¹H NMR (400 MHz, CDCl₃): δ 7.29 (m, 3H), 7.22 (m, 2H), 5.73 (q, J = 7.0 Hz, 1H), 4.77 (d, J = 2.1 Hz, 1H), 4.67 (m, 1H), 2.97 (d, J = 15.3 Hz, 1H), 2.56 (td, J = 10.9, 5.8 Hz, 1H), 2.13 (m, 2H), 2.02 (d, J = 7.0 Hz, 3H), 1.84 (m, 5H), 1.70 (d, J = 1.2 Hz, 3H), 1.52 (m, 8H), 1.29 (s, 3H), 1.20 (m, 2H), 1.11 (d, J = 1.8 Hz, 6H), 0.94 (s, 3H), 0.84 (m, 3H).

¹³C NMR (101 MHz, CDCl₃): δ 148.71, 141.83, 140.99, 137.51, 128.64, 127.55, 126.24, 121.63, 110.63, 71.59, 59.27, 54.80, 49.32, 49.18, 48.10, 42.06, 40.66, 39.27, 39.17, 38.91, 38.42, 33.81, 33.57, 33.46, 29.29, 28.91, 27.81, 24.91, 23.74, 21.36, 21.34, 19.52, 18.89, 16.29, 15.69, 14.44.

HRMS (ESI+): m/z calculated for C₃₈H₅₃N₄O [M + H]⁺: 581.4214, found: 581.4218.

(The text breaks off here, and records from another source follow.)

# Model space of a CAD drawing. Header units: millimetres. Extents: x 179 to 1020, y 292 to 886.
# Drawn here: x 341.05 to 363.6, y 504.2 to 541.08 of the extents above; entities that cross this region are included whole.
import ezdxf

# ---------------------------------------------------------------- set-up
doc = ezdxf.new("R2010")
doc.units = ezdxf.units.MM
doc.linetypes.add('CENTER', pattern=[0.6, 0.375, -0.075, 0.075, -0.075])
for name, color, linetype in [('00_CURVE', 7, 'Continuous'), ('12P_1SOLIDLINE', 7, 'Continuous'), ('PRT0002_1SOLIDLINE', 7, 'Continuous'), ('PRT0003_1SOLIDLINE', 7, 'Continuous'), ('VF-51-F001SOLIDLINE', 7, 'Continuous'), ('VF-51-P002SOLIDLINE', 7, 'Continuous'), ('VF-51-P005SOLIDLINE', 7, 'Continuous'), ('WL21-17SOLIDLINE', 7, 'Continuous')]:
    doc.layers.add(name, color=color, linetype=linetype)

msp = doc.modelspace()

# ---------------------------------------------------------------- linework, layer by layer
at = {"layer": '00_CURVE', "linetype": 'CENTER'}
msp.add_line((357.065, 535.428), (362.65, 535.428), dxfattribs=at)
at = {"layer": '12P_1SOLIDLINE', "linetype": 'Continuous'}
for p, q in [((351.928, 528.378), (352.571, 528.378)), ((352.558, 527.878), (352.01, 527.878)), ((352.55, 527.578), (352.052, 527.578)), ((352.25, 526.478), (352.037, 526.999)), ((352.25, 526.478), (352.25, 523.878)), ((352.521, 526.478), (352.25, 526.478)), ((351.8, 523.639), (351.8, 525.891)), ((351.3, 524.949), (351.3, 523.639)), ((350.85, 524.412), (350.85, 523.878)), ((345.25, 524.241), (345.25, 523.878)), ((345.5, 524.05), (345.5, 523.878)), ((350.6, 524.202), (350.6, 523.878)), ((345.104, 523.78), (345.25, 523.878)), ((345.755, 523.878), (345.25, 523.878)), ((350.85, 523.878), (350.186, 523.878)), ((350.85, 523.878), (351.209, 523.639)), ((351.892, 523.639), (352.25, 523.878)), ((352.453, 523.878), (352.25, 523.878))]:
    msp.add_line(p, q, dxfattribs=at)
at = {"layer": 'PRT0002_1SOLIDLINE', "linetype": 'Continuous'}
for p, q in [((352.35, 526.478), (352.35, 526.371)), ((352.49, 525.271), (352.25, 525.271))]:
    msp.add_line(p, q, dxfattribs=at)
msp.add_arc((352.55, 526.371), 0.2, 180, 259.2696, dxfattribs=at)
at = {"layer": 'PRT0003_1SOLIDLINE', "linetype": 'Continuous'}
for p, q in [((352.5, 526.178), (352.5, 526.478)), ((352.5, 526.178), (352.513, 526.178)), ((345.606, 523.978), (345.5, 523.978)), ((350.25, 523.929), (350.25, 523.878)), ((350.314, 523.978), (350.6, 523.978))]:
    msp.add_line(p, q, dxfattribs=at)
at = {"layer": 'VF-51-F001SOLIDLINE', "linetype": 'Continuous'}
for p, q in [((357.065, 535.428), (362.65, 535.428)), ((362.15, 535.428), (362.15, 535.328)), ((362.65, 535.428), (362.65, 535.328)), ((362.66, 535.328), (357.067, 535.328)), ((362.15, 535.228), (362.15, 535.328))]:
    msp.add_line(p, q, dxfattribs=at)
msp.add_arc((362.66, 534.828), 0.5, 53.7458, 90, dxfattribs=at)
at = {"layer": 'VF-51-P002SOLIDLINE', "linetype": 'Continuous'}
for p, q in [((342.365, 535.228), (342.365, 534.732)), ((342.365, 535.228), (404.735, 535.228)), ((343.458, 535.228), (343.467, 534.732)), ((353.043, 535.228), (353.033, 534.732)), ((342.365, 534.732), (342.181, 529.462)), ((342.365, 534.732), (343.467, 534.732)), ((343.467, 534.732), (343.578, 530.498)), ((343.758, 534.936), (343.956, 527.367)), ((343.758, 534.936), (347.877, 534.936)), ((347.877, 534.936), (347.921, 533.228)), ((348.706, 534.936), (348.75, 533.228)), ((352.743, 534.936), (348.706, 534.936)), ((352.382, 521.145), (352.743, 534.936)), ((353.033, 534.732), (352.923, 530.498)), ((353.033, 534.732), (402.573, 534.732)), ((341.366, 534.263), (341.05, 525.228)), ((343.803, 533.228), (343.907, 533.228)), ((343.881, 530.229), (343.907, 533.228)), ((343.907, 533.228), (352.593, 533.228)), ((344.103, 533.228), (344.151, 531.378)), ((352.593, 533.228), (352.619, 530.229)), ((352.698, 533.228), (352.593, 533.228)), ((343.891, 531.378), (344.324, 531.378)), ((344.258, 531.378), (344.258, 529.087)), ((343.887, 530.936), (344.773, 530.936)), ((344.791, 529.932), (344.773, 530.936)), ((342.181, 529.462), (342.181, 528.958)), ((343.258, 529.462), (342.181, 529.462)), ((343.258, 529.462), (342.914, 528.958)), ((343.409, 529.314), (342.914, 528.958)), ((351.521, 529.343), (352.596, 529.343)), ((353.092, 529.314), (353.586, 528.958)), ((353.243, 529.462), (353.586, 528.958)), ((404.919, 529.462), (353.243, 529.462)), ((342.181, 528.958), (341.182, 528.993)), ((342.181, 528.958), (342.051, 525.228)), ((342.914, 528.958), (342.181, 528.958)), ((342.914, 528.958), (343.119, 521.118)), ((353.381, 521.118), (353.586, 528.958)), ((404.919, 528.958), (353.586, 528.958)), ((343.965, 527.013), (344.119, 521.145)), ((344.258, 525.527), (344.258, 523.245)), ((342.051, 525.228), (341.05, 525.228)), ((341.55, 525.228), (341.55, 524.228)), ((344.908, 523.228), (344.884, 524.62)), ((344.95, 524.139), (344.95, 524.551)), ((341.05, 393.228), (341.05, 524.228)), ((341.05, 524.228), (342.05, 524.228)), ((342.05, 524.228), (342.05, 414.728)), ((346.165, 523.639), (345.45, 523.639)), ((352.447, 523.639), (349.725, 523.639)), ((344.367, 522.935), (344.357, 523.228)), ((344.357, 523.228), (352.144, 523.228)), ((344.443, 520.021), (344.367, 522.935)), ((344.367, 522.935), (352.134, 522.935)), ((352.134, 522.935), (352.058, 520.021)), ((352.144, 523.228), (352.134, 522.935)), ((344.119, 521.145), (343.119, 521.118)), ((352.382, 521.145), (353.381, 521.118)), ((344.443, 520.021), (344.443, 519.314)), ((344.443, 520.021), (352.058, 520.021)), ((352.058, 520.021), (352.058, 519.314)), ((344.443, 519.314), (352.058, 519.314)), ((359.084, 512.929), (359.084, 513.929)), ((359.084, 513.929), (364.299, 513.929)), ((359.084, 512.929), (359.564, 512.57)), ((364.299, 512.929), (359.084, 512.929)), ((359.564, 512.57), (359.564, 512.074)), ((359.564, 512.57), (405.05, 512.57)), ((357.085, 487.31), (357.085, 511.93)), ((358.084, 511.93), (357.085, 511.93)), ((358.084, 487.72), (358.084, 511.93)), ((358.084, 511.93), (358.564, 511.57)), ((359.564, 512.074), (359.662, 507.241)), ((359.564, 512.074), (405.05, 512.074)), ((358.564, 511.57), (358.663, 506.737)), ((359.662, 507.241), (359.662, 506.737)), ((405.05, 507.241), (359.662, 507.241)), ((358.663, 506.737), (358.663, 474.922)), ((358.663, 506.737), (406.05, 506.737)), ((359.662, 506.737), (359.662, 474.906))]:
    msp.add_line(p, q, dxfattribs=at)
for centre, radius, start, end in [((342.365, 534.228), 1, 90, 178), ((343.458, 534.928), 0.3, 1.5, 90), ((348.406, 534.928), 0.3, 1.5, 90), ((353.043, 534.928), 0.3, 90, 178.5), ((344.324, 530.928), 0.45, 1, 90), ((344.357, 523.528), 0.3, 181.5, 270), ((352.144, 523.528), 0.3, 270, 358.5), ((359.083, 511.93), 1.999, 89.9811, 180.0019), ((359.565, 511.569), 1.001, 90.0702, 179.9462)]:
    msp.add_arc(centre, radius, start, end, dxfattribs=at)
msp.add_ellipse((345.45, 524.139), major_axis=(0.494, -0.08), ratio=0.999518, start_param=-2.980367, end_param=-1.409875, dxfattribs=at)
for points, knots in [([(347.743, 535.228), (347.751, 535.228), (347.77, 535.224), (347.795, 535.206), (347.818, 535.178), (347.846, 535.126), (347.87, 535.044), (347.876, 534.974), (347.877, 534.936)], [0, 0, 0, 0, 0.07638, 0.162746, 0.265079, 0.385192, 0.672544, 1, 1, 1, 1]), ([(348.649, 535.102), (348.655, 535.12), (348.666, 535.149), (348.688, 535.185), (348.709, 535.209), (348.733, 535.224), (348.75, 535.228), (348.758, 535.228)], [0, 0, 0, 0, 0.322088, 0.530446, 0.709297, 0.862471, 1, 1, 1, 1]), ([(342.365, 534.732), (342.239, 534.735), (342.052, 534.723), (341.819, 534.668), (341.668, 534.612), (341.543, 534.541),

1′-((S)-1-Phenylethyl)-1H′-lup-2-eno-[2,3-d]-[1,2,3]-triazole-28-oic Acid derivative-1. (18). Compound 3 (100 mg, 1 equiv., 0.17 mmol) was dissolved in toluene (3 mL) in an ultrasonic bath, then triethylamine (0.024 mL, 1 equiv., 0.17 mmol) and diphenylphosphoryl azide (0.039 mL, 1 equiv., 0.17 mmol) were added. The reaction was carried out at room temperature (20 °C) for 7 h, after which cyclopropylamine (0.177 mL, 10 equiv., 1.7 mmol) in 0.5 mL of toluene was added to the reaction mixture. Then, it was heated at 110 °C for 4 h. At the end of the reaction, the solvent was distilled in a rotary evaporator. The remainder was chromatographed with silica gel in a column. During elution of the column with ethyl acetate, a colorless substance (compound 18) with a melting point of 200–203 °C was isolated. The yield was 66 mg (61%).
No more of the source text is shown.